I would like to point out I have put plenty of work into building the best possible stall teams- no matter what you do they be outclassed by offense in BW2. I agree that a stall team can be good on it's own, but it will be clearly inferior to BW2 bulky offense / offense no matter what you do, even if you put a Choice Scarfer on it to revenge threats. Dual Screens offense would be an extreme case of BW2 offense eating stall but without weather control (even with against some mons) you may as well give up vs Torn / Thund / Keldeo / any physical attacker in sun etc. It's very easy to set up hazards and threaten a team offensively but not to threaten another defensively. It's not impossible to beat another team by stalling but it clearly won't work as often as a good team should.
 

tehy

Banned deucer.
I would like to point out I have put plenty of work into building the best possible stall teams- no matter what you do they be outclassed by offense in BW2. I agree that a stall team can be good on it's own, but it will be clearly inferior to BW2 bulky offense / offense no matter what you do, even if you put a Choice Scarfer on it to revenge threats. Dual Screens offense would be an extreme case of BW2 offense eating stall but without weather control (even with against some mons) you may as well give up vs Torn / Thund / Keldeo / any physical attacker in sun etc. It's very easy to set up hazards and threaten a team offensively but not to threaten another defensively. It's not impossible to beat another team by stalling but it clearly won't work as often as a good team should.
Not as much as me, and i don't find them to be that much outclassed. They have problems, sure, and next gen they may become really unviable, but not this one.
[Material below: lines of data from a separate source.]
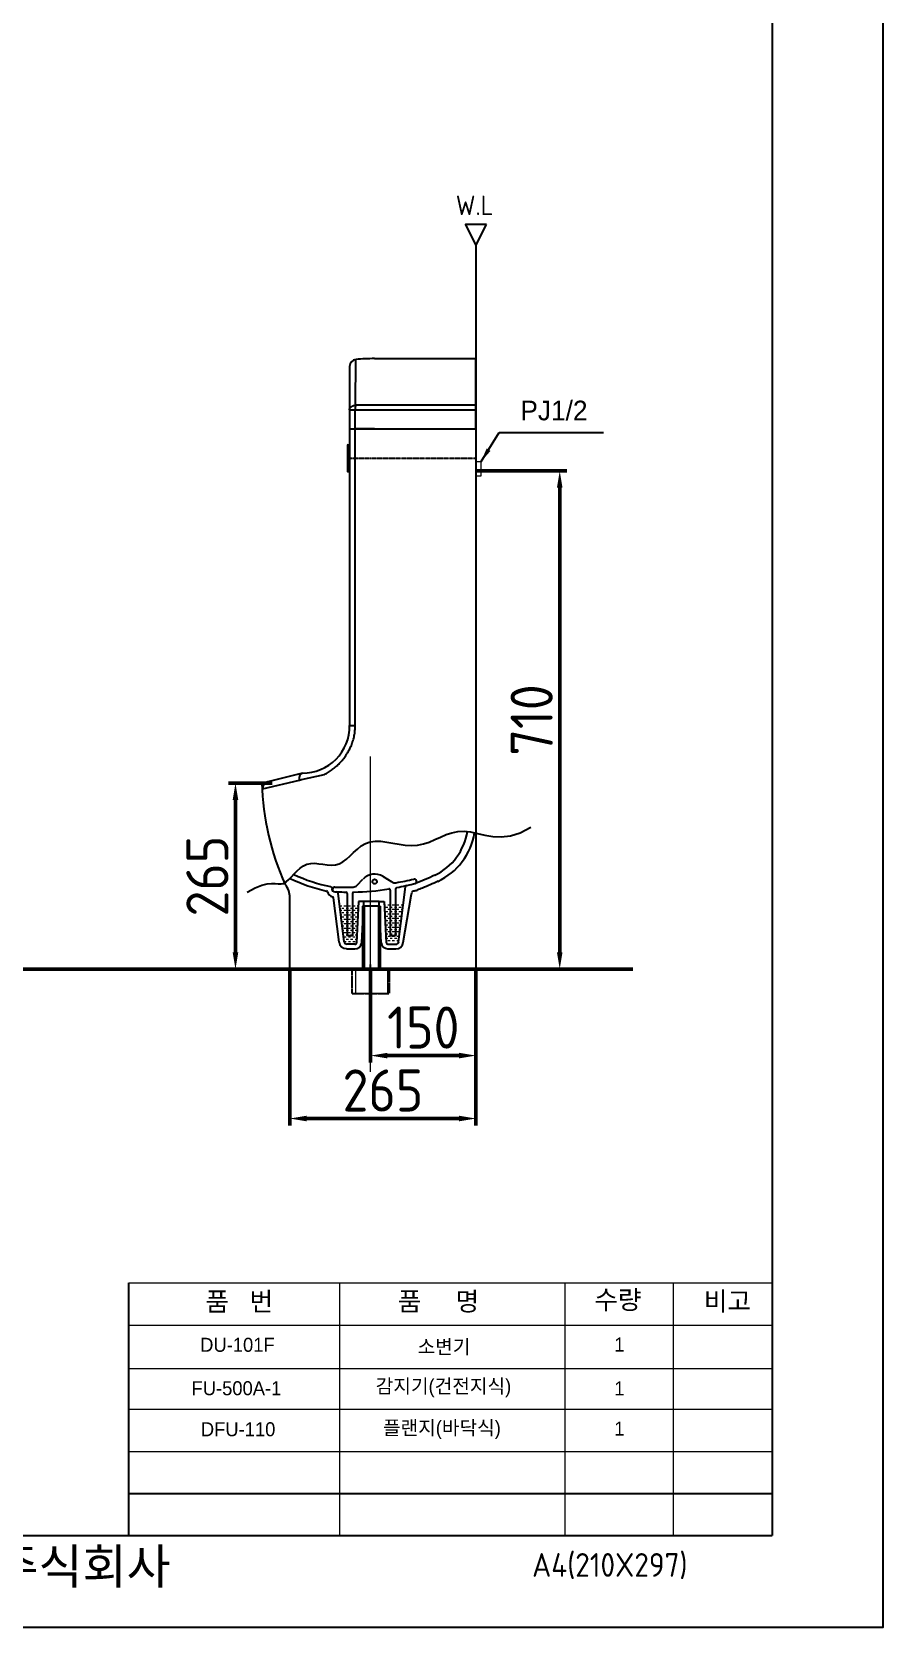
# Model space of a CAD drawing. Header units: millimetres. Extents: x 7254 to 9679, y -172 to 3258.
# Drawn here: x 8466 to 9679, y -172 to 2101 of the extents above; entities that cross this region are included whole.
import ezdxf
from ezdxf.lldxf.tags import DXFTag

# ---------------------------------------------------------------- set-up
doc = ezdxf.new("R2010")
doc.units = ezdxf.units.MM
doc.header["$LTSCALE"] = 0.1
doc.linetypes.add('BORDER', pattern=[18, 5, -2, 5, -2, 2, -2])
doc.linetypes.add('DASHED', pattern=[10, 5, -5])
for name, color, linetype in [('1', 7, 'Continuous'), ('3', 3, 'Continuous'), ('______', 7, 'Continuous'), ('LAYER_02', 7, 'Continuous'), ('MAIN', 7, 'Continuous'), ('YA', 7, 'Continuous')]:
    doc.layers.add(name, color=color, linetype=linetype)
for name, color, linetype, lineweight in [('AM_4', 40, 'Continuous', 13), ('AM_6', 94, 'Continuous', 20), ('CEN', 1, 'CENTER', 5), ('DIM', 3, 'Continuous', 15), ('Y', 235, 'Continuous', 50)]:
    doc.layers.add(name, color=color, linetype=linetype, lineweight=lineweight)
doc.styles.add('h', font='', dxfattribs={"height": 28})
doc.styles.get("Standard").update_dxf_attribs({"font": 'ISOCP.SHX', "bigfont": 'WHGTXT.SHX'})
doc.styles.add('스타일1', font='txt.shx', dxfattribs={"bigfont": 'ghs.shx'})
doc.styles.get('h').set_extended_font_data('Haansoft Batang')
tags = doc.linetypes.add('AM_ISO08W050x2', pattern=[9, 6, -0.75, 1.5, -0.75]).pattern_tags.tags
tags[10:11] = [DXFTag(74, 4), DXFTag(75, 0), DXFTag(340, '0'), DXFTag(46, 1.0), DXFTag(50, 0.0), DXFTag(44, 0.0), DXFTag(45, 0.0)]
tags[8:9] = [DXFTag(74, 4), DXFTag(75, 0), DXFTag(340, '0'), DXFTag(46, 1.0), DXFTag(50, 0.0), DXFTag(44, 0.0), DXFTag(45, 0.0)]
tags[6:7] = [DXFTag(74, 4), DXFTag(75, 0), DXFTag(340, '0'), DXFTag(46, 1.0), DXFTag(50, 0.0), DXFTag(44, 0.0), DXFTag(45, 0.0)]
tags[4:5] = [DXFTag(74, 4), DXFTag(75, 0), DXFTag(340, '0'), DXFTag(46, 1.0), DXFTag(50, 0.0), DXFTag(44, 0.0), DXFTag(45, 0.0)]
tags = doc.linetypes.add('CENTER', pattern=[50.8, 31.75, -6.35, 6.35, -6.35]).pattern_tags.tags
tags[10:11] = [DXFTag(74, 4), DXFTag(75, 0), DXFTag(340, '0'), DXFTag(46, 1.0), DXFTag(50, 0.0), DXFTag(44, 0.0), DXFTag(45, 0.0)]
tags[8:9] = [DXFTag(74, 4), DXFTag(75, 0), DXFTag(340, '0'), DXFTag(46, 1.0), DXFTag(50, 0.0), DXFTag(44, 0.0), DXFTag(45, 0.0)]
tags[6:7] = [DXFTag(74, 4), DXFTag(75, 0), DXFTag(340, '0'), DXFTag(46, 1.0), DXFTag(50, 0.0), DXFTag(44, 0.0), DXFTag(45, 0.0)]
tags[4:5] = [DXFTag(74, 4), DXFTag(75, 0), DXFTag(340, '0'), DXFTag(46, 1.0), DXFTag(50, 0.0), DXFTag(44, 0.0), DXFTag(45, 0.0)]
doc.dimstyles.new('AM_ISO$0', dxfattribs={"dimtxt": 28, "dimasz": 24, "dimexe": 10, "dimexo": 0, "dimgap": 10, "dimtad": 1, "dimdec": 0, "dimdsep": 46, "dimtxsty": 'h', "dimcen": -5, "dimclrd": 256, "dimclre": 256, "dimclrt": 256, "dimadec": 0, "dimazin": 2, "dimtp": 0.1, "dimtm": 0.1, "dimtfac": 0.71, "dimtdec": 0, "dimtmove": 0, "dimatfit": 3, "dimfxl": 0, "dimlwd": -1, "dimlwe": -1, "dimarcsym": 0})
doc.dimstyles.get("Standard").update_dxf_attribs({"dimscale": 10, "dimtxt": 3, "dimasz": 2, "dimexe": 1, "dimexo": 0, "dimgap": 1, "dimtad": 0, "dimtih": 1, "dimtoh": 1, "dimdec": 0, "dimdsep": 46, "dimtxsty": 'Standard', "dimcen": 2, "dimadec": 0, "dimazin": 0, "dimtfac": 1, "dimtdec": 4, "dimtmove": 0, "dimatfit": 3, "dimfxl": 0, "dimtolj": 1, "dimtzin": 0, "dimarcsym": 0})

# ---------------------------------------------------------------- blocks, each defined once
blk = doc.blocks.new('*D25')
at = {"layer": 'Defpoints', "color": 0}
for p in [(8833.9, 765.6), (9098.9, 765.6), (9098.9, 552.5)]:
    blk.add_point(p, dxfattribs=at)
at = {"layer": 'Y', "color": 0, "linetype": 'ByBlock'}
for p, q in [((8833.9, 765.6), (8833.9, 542.5)), ((9098.9, 765.6), (9098.9, 542.5)), ((8857.9, 552.5), (9074.9, 552.5))]:
    blk.add_line(p, q, dxfattribs=at)
at = {"layer": 'Y', "color": 0}
for points in [[(8857.9, 556.5), (8857.9, 548.5), (8833.9, 552.5)], [(9074.9, 556.5), (9074.9, 548.5), (9098.9, 552.5)]]:
    blk.add_solid(points, dxfattribs=at)
at = {"layer": 'Y', "color": 0, "insert": (8966.4, 592.5), "char_height": 60, "attachment_point": 5}
blk.add_mtext('265', dxfattribs=at)
blk = doc.blocks.new('*D26')
at = {"layer": 'Defpoints', "color": 0}
for p in [(8808.5, 1030.4), (8756.3, 765.6), (8794.4, 765.6)]:
    blk.add_point(p, dxfattribs=at)
at = {"layer": 'Y', "color": 0, "linetype": 'ByBlock'}
for p, q in [((8808.5, 1030.4), (8746.3, 1030.4)), ((8756.3, 1006.4), (8756.3, 789.6)), ((8794.4, 765.6), (8746.3, 765.6))]:
    blk.add_line(p, q, dxfattribs=at)
at = {"layer": 'Y', "color": 0}
for points in [[(8752.3, 1006.4), (8760.3, 1006.4), (8756.3, 1030.4)], [(8752.3, 789.6), (8760.3, 789.6), (8756.3, 765.6)]]:
    blk.add_solid(points, dxfattribs=at)
at = {"layer": 'Y', "color": 0, "insert": (8716.3, 898), "char_height": 60, "attachment_point": 5, "rotation": 90}
blk.add_mtext('265', dxfattribs=at)
blk = doc.blocks.new('*D27')
at = {"layer": 'Defpoints', "color": 0}
for p in [(9098.9, 1475.6), (9098.9, 765.6), (9218.3, 765.6)]:
    blk.add_point(p, dxfattribs=at)
at = {"layer": 'Y', "color": 0, "linetype": 'ByBlock'}
for p, q in [((9098.9, 1475.6), (9228.3, 1475.6)), ((9218.3, 1451.6), (9218.3, 789.6)), ((9098.9, 765.6), (9228.3, 765.6))]:
    blk.add_line(p, q, dxfattribs=at)
at = {"layer": 'Y', "color": 0}
for points in [[(9214.3, 1451.6), (9222.3, 1451.6), (9218.3, 1475.6)], [(9214.3, 789.6), (9222.3, 789.6), (9218.3, 765.6)]]:
    blk.add_solid(points, dxfattribs=at)
at = {"layer": 'Y', "color": 0, "insert": (9178.3, 1120.6), "char_height": 60, "attachment_point": 5, "rotation": 90}
blk.add_mtext('710', dxfattribs=at)
blk = doc.blocks.new('*D28')
at = {"layer": 'Defpoints', "color": 0}
for p in [(8948.9, 765.6), (9098.9, 765.6), (9098.9, 642.2)]:
    blk.add_point(p, dxfattribs=at)
at = {"layer": 'Y', "color": 0, "linetype": 'ByBlock'}
for p, q in [((8948.9, 765.6), (8948.9, 632.2)), ((9098.9, 765.6), (9098.9, 632.2)), ((8972.9, 642.2), (9074.9, 642.2))]:
    blk.add_line(p, q, dxfattribs=at)
at = {"layer": 'Y', "color": 0}
for points in [[(8972.9, 646.2), (8972.9, 638.2), (8948.9, 642.2)], [(9074.9, 646.2), (9074.9, 638.2), (9098.9, 642.2)]]:
    blk.add_solid(points, dxfattribs=at)
at = {"layer": 'Y', "color": 0, "insert": (9023.9, 682.2), "char_height": 60, "attachment_point": 5}
blk.add_mtext('150', dxfattribs=at)

msp = doc.modelspace()

# ---------------------------------------------------------------- linework, layer by layer
at = {"color": 0}
for p, q in [((8929.5, 884.9), (8938, 893.8)), ((8966.7, 897.4), (8979.2, 889.7)), ((8894, 880.7), (8894.1, 879.9)), ((8894.3, 878), (8894.1, 879.9)), ((8903.9, 803.9), (8896, 867.1)), ((8911.2, 804.4), (8902.6, 873.6)), ((8915.8, 813.1), (8915.8, 872.9)), ((8923.1, 873.7), (8923.1, 813.1)), ((8977, 813.1), (8977, 878.2)), ((8984.3, 879.4), (8984.3, 813.1)), ((8988.8, 804.4), (8998.7, 882.8)), ((8995.3, 803.5), (9006.6, 870.1)), ((9006.6, 870.1), (9007.4, 874.4)), ((8931.7, 861.6), (8928.9, 803.1)), ((8939, 861.6), (8931.7, 861.6)), ((8936.3, 802.8), (8939, 861.6)), ((8961.4, 855.1), (8938.7, 855.1)), ((8961, 861.6), (8939, 861.6)), ((8963.8, 802.8), (8961, 861.6)), ((8961, 861.6), (8968.4, 861.6)), ((8968.4, 861.6), (8971.1, 803.1)), ((8926.5, 801), (8915.3, 801)), ((8923.1, 813.1), (8915.8, 813.1)), ((8973.6, 800.8), (8984.8, 800.8)), ((8984.3, 813.1), (8977, 813.1))]:
    msp.add_line(p, q, dxfattribs=at)
msp.add_lwpolyline([(8773.1, 875.2), (8784.3, 881.4), (8793.7, 885.2), (8801.4, 887.1), (8807.7, 887.7), (8812.9, 887.5), (8817.3, 887.1), (8821.2, 887), (8824.9, 887.7), (8828.5, 889.8), (8832.2, 893), (8836, 896.8), (8840, 901.1), (8844.1, 905.4), (8848.5, 909.4), (8853.2, 912.7), (8858.2, 915.1), (8863.6, 916.2), (8869.2, 916.3), (8875, 915.7), (8881, 914.9), (8886.9, 914.1), (8892.8, 913.7), (8898.6, 914.1), (8904.2, 915.6), (8909.4, 918.4), (8914.5, 922.3), (8919.6, 926.8), (8924.7, 931.8), (8930, 936.6), (8935.6, 941), (8941.7, 944.6), (8948.3, 947), (8955.6, 948), (8963.5, 947.7), (8971.9, 946.6), (8980.5, 945.1), (8989.3, 943.5), (8998.2, 942.2), (9007.1, 941.6), (9015.7, 942.1), (9024.1, 943.8), (9032.2, 946.6), (9040.3, 950), (9048.3, 953.6), (9056.3, 957.1), (9064.6, 959.9), (9073.1, 961.8), (9082, 962.2), (9091.4, 961.1), (9101.3, 958.9), (9111.8, 956.4), (9123.1, 954.5), (9135.1, 953.9), (9148, 955.4), (9161.9, 959.7), (9176.9, 967.6)], dxfattribs=at)
msp.add_circle((8954.6, 890.2), 3.28, dxfattribs=at)
for centre, radius, start, end in [((8954.6, 877.9), 23, 58.3168, 136.1001), ((8983.5, 896.6), 8.16, 238.3168, 279.7007), ((8909.5, 1329.7), 447.5, 279.7007, 283.0432), ((8928.8, 1238.6), 361, 281.4721, 283.4573), ((9011.2, 890.5), 3.26, 282.8861, 103.1988), ((8885.5, 875), 1.85, 16.3625, 77.3116), ((8896.7, 878.3), 9.87, 196.3625, 257.241), ((8891.2, 880.4), 2.78, 6.8256, 78.3897), ((8896.7, 878.3), 2.45, 186.8256, 268.3772), ((8897.8, 879.1), 3.26, 88.5121, 268.5121), ((8894.1, 866.8), 1.85, 7.1432, 77.241), ((8909.5, 1329.7), 454, 268.3772, 268.8223), ((8909.5, 1329.7), 447.5, 268.5121, 271.8369), ((8900.1, 873.3), 2.45, 7.1432, 88.8223), ((8909.5, 1329.7), 454, 268.8223, 269.0893), ((8919.4, 1221.4), 346.2, 267.1679, 268.9996), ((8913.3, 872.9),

And choice scarfers are not necessary, or even that great.
You mean, stall eating offense? Dualscreens teams are lolbait, it's not hard to wait for the screens to run out-i'm a stall team, i'm DESIGNED to wait a lot. And weather control isn't that hard to get either.

I don't know, i've done pretty well with stall, but they do need some great additions in sixth gen or it may be GG.
 
I had forgotten to mention the new toys from the Dream World. Personally, I don't like ST Gothitelle. It's got everything it needs in its movepool to mess with Stall whatever way you need it to and Shadow Tag to make sure it pulls it off.
 
"Weather diversifying the metagame" isn't what stall is worried about. Rain and Sun offense will always look almost exactly the same (and as a side effect lower diversity because other forms of offense aren't as good) and without weather countering will just overpower stall. Even without Rain and Sun the top offensive pokemon of OU will beat stall. You will know exactly whats coming and not be able to stop it when you have the threats I've mentioned to deal with.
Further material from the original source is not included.